O anoitecer na Antiga Seca do Bacalhau foi em português com Os Quatro e Meia. A música popular portuguesa dos doutores e engenheiros animou o recinto do festival de Vila Nova de Gaia com temas como 'Não Respondo Por Mim', 'O Tempo Vai Esperar', 'Sabes Bem', 'Sentir o Sol', 'A Terra Gira' e 'Pra Frente é Que é Lisboa'. Foi uma autêntica festa académica... de instrumentos de boa disposição. As vozes envolventes de Mário Ferreira e Ricardo Liz Almeida também passaram com distinção no difícil exame de conseguir manter o público na mão.
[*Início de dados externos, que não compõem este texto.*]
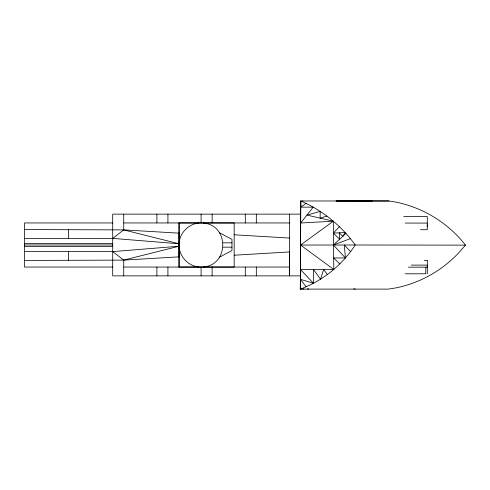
<?xml version="1.0" encoding="UTF-8"?>
<svg xmlns="http://www.w3.org/2000/svg" width="490" height="490" viewBox="0 0 490 490"><rect width="100%" height="100%" fill="white"/><g stroke="black" fill="none" stroke-linecap="round" stroke-linejoin="round"><path stroke-width="0.73" d="M465.5 245.135L355.25 245C341.469 225.798 322.475 210.314 300.744 200.98L300.303 289.1L388.503 289.1L396.428 287.802A118.696 118.696 0 0 0 458.652 252.901L465.5 245.135A118.666 118.666 0 0 0 396.49 202.223L388.944 200.98L300.744 200.98L300.523 275.87L112.7 275.87L112.7 214.13L300.566 214.13L300.652 208.82L300.591 211.074M198.94 266.946C187.18 266.064 177.729 254.531 179.156 242.838L179.046 222.95L234.171 222.95L234.171 267.05L179.046 267.05L179.046 222.95M300.707 203.901L300.676 202.811L300.689 206.474L300.744 200.98M179.046 267.05L179.101 232.897M300.633 211.968L300.652 208.82M300.566 214.13L300.695 204.453M179.101 257.103L179.095 246.225L123.725 260.11L24.5 260.435M326.897 216.09L320.129 218.142L320.184 211.392L306.93 215.079L333.329 221.204L333.794 269.476L300.523 245.043L355.25 245C342.173 264.986 322.8 280.905 300.303 289.1L300.523 267.05M203.258 266.946C229.234 265.151 229.234 224.849 203.258 223.054M427.28 226.392L427.28 224.794M24.5 238.385L112.7 238.385L179.046 243.775C179.53 233.228 188.381 223.906 198.94 223.054M300.303 289.1L300.67 288.524M333.329 233.111L345.138 232.523L342.798 236.352L339.233 232.817L339.637 239.236L333.329 233.111L339.423 226.692M339.846 263.914L333.574 257.948L345.45 257.948L333.329 245.018L345.952 233.461M112.7 238.385L123.725 229.89L179.046 233.16M300.523 245.043L333.329 221.204L300.633 223.011L313.233 207.141L300.713 207.141L306.097 203.381M219.434 257.25L231.966 250.488L231.966 239.377L219.434 232.75M333.329 245.018L350.424 238.636M300.719 201.727L302.887 200.98M24.5 251.615L112.7 251.615L179.046 246.225M112.7 251.615L123.725 260.11L179.046 256.84M234.171 255.21L289.498 251.94L289.498 275.87L289.498 214.13M403.729 216.47L427.28 216.47L427.28 229.7L420.445 229.7M112.7 222.95L24.5 222.95L24.5 267.05L112.7 267.05M123.725 222.95L289.498 222.95M24.5 229.565L123.725 229.89L179.101 243.775M223.042 242.838L231.966 242.838M24.5 243.524L112.7 243.524M24.5 245L112.7 245M24.5 246.476L112.7 246.476M223.042 247.162L231.966 247.162M424.285 260.6L427.298 260.6M411.263 265.108L427.298 265.108L427.298 266.854M123.725 267.05L289.498 267.05M408.36 267.166L427.298 267.185M333.794 269.476L300.401 269.476L313.465 283.281L313.465 269.476L320.552 279.196L323.633 269.476L327.351 274.578M405.187 273.788L425.81 273.788L425.81 267.185M388.944 200.98L336.06 200.943L372.094 200.961L355.25 200.9M405.291 223.06L427.28 223.085M234.171 234.79L289.498 238.06M353.755 288.849L355.25 289.1M302.691 288.867L304.039 289.1M307.267 288.849L308.737 289.1M300.805 288.953L300.444 288.88L301.221 289.1M313.465 283.281L300.352 279.288L306.134 286.815M350.577 251.615L344.286 245.006L345.45 257.948M300.56 278.075L300.523 275.87L300.609 279.87M427.298 260.576L427.298 273.788M256.325 214.13L256.325 222.95M256.325 267.05L256.325 275.87M245.3 214.13L245.3 222.95M245.3 267.05L245.3 275.87M212.121 214.13L212.121 222.95M212.121 267.05L212.121 275.87M201.096 214.13L201.096 222.95M201.096 267.05L201.096 275.87M167.923 214.13L167.923 222.95M167.923 267.05L167.923 275.87M156.898 214.13L156.898 222.95M156.898 267.05L156.898 275.87M123.725 214.13L123.725 229.89M123.725 260.11L123.725 275.87M68.6 229.565L68.6 238.385M68.6 251.615L68.6 260.435"/></g></svg>

Já sabíamos que Mishlawi ia ter coros de serviço para acompanhá-lo nas canções que levou ao MEO Marés Vivas. Norte-americano de origem, do Arizona, e a viver em Portugal desde os dez anos, o rapper tem chegado a multidões daqui à Rússia. Sim, Rússia. Mishlawi é popular por aquelas bandas e, pelo que vimos hoje, também conquistou a Invicta num final de tarde nublado e bem frescote.

A mistura entre o hip-hop, R&B e trap abriu o Palco MEO com Mishlawi a entrar em cena com o passo corrido, de boné vermelho e sorriso aberto. Uma mão cheia de músicos (baixo, guitarra, teclas, bateria e sintetizadores) acompanhou-o na missão de aquecer o público que começava a ocupar a relva em frente ao palco principal. No final, o músico, que ia comunicando ora em português ora em inglês, deixou a promessa de que  "vai ficar a viver na 'Tuga" e assim dissipar as dúvidas da terra onde pertence Mishlawi passou pelos vários temas que já soma na bagagem. Uber Driver, All Night e Ignore não faltaram no primeiro alinhamento a ser tocado este ano no palco principal.